The data comes via highly skilled analysis by perhaps some of the smartest in
the room. But the lenses they are looking through are distorted. Its starting from
a faulty set of biases. A false premise.
The system is just smart enough to be good at what it does, but not smart enough
to question the true benefits, the deeper meaning.
Silver has a monetary demand component that surveys and interviews cannot
convey. Immeasurable and not unique to silver in and of itself; paper used in the
silver market to manage the price for profit has no other match. Paper derivatives
are what drive price. Paper is infinite until the wind of sentiment changes.
Because it is profitable and convenient to suppress prices, we have the in which
the price is far below inflation (by virtue of base money supply) adjusted highs
even by conservative measures using average prices without the spike from
1980.
Again, there is no conspiracy about price manipulation. Its just a set of facts
easily proven by the data provided by the CFTC.

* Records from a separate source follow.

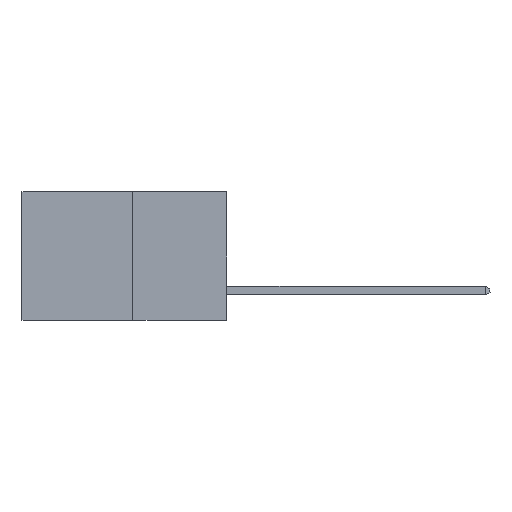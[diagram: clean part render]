
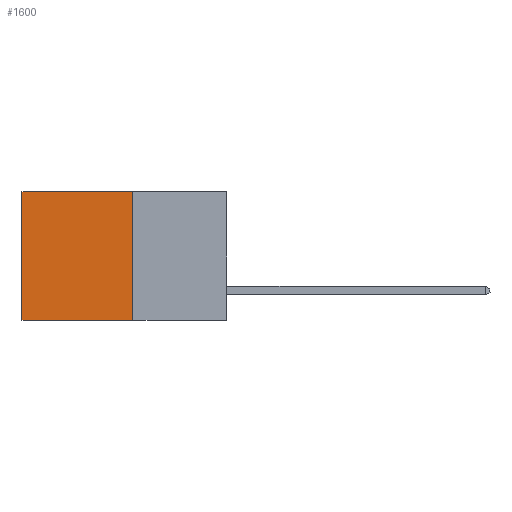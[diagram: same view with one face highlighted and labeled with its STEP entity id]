
A CAD part, left-side view. The second image highlights one B-rep face of the part: STEP entity #1600.
In plain terms, the highlighted planar face has unit normal (-1, 0, 0).
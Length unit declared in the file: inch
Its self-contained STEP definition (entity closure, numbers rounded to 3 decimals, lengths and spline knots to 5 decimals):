
#81 = EDGE_CURVE ( 'NONE', #3476, #1155, #4090, .T. ) ;
#1049 = ORIENTED_EDGE ( 'NONE', *, *, #2404, .T. ) ;
#1155 = VERTEX_POINT ( 'NONE', #3447 ) ;
#1250 = VECTOR ( 'NONE', #4417, 39.37008 ) ;
#1600 = ADVANCED_FACE ( 'NONE', ( #4902 ), #5461, .F. ) ;
#1651 = ORIENTED_EDGE ( 'NONE', *, *, #4720, .T. ) ;
#1663 = ORIENTED_EDGE ( 'NONE', *, *, #81, .F. ) ;
#1811 = VECTOR ( 'NONE', #3753, 39.37008 ) ;
#1872 = ORIENTED_EDGE ( 'NONE', *, *, #5780, .F. ) ;
#2404 = EDGE_CURVE ( 'NONE', #3476, #9478, #9103, .T. ) ;
#2645 = VECTOR ( 'NONE', #2736, 39.37008 ) ;
#2736 = DIRECTION ( 'NONE',  ( 0., 1., 0. ) ) ;
#3257 = VECTOR ( 'NONE', #9113, 39.37008 ) ;
#3447 = CARTESIAN_POINT ( 'NONE',  ( 0.277, 0.27, -0.37 ) ) ;
#3476 = VERTEX_POINT ( 'NONE', #9309 ) ;
#3636 = LINE ( 'NONE', #4492, #1250 ) ;
#3753 = DIRECTION ( 'NONE',  ( 0., 0., -1. ) ) ;
#4090 = LINE ( 'NONE', #5307, #1811 ) ;
#4417 = DIRECTION ( 'NONE',  ( 0., 0., -1. ) ) ;
#4492 = CARTESIAN_POINT ( 'NONE',  ( 0.277, 0.59, -0.37 ) ) ;
#4612 = CARTESIAN_POINT ( 'NONE',  ( 0.277, 0.27, -0.37 ) ) ;
#4720 = EDGE_CURVE ( 'NONE', #9478, #10011, #3636, .T. ) ;
#4902 = FACE_OUTER_BOUND ( 'NONE', #6759, .T. ) ;
#5194 = DIRECTION ( 'NONE',  ( 1., 0., 0. ) ) ;
#5307 = CARTESIAN_POINT ( 'NONE',  ( 0.277, 0.27, -0.37 ) ) ;
#5311 = CARTESIAN_POINT ( 'NONE',  ( 0.277, 0.27, -0.37 ) ) ;
#5461 = PLANE ( 'NONE',  #5673 ) ;
#5591 = LINE ( 'NONE', #5311, #3257 ) ;
#5673 = AXIS2_PLACEMENT_3D ( 'NONE', #4612, #5194, #8203 ) ;
#5780 = EDGE_CURVE ( 'NONE', #1155, #10011, #5591, .T. ) ;
#6759 = EDGE_LOOP ( 'NONE', ( #1651, #1872, #1663, #1049 ) ) ;
#7189 = CARTESIAN_POINT ( 'NONE',  ( 0.277, 0.59, 0. ) ) ;
#8203 = DIRECTION ( 'NONE',  ( 0., 0., -1. ) ) ;
#9098 = CARTESIAN_POINT ( 'NONE',  ( 0.277, 0.59, -0.37 ) ) ;
#9103 = LINE ( 'NONE', #9741, #2645 ) ;
#9113 = DIRECTION ( 'NONE',  ( 0., 1., 0. ) ) ;
#9309 = CARTESIAN_POINT ( 'NONE',  ( 0.277, 0.27, 0. ) ) ;
#9478 = VERTEX_POINT ( 'NONE', #7189 ) ;
#9741 = CARTESIAN_POINT ( 'NONE',  ( 0.277, 0.27, 0. ) ) ;
#10011 = VERTEX_POINT ( 'NONE', #9098 ) ;

Its done right out in the open, similar to interest rates, equities, or forex.
While there should be a relationship between real supply, demand, and price it
is obscure at best. The directional movement of world price depends on how the
large commercial traders on the COMEX decide to make it.
Short term, if its profitable for them to move the price lower, they will do it. And
when they are positioned to let the price move up they will let it.
Long-term, that which is ripe for disruption always disrupts eventually. We saw a
glimpse of this between August 2010 and April 2011 when price discovery
briefly, yet undoubtedly shifted away from paper to physical.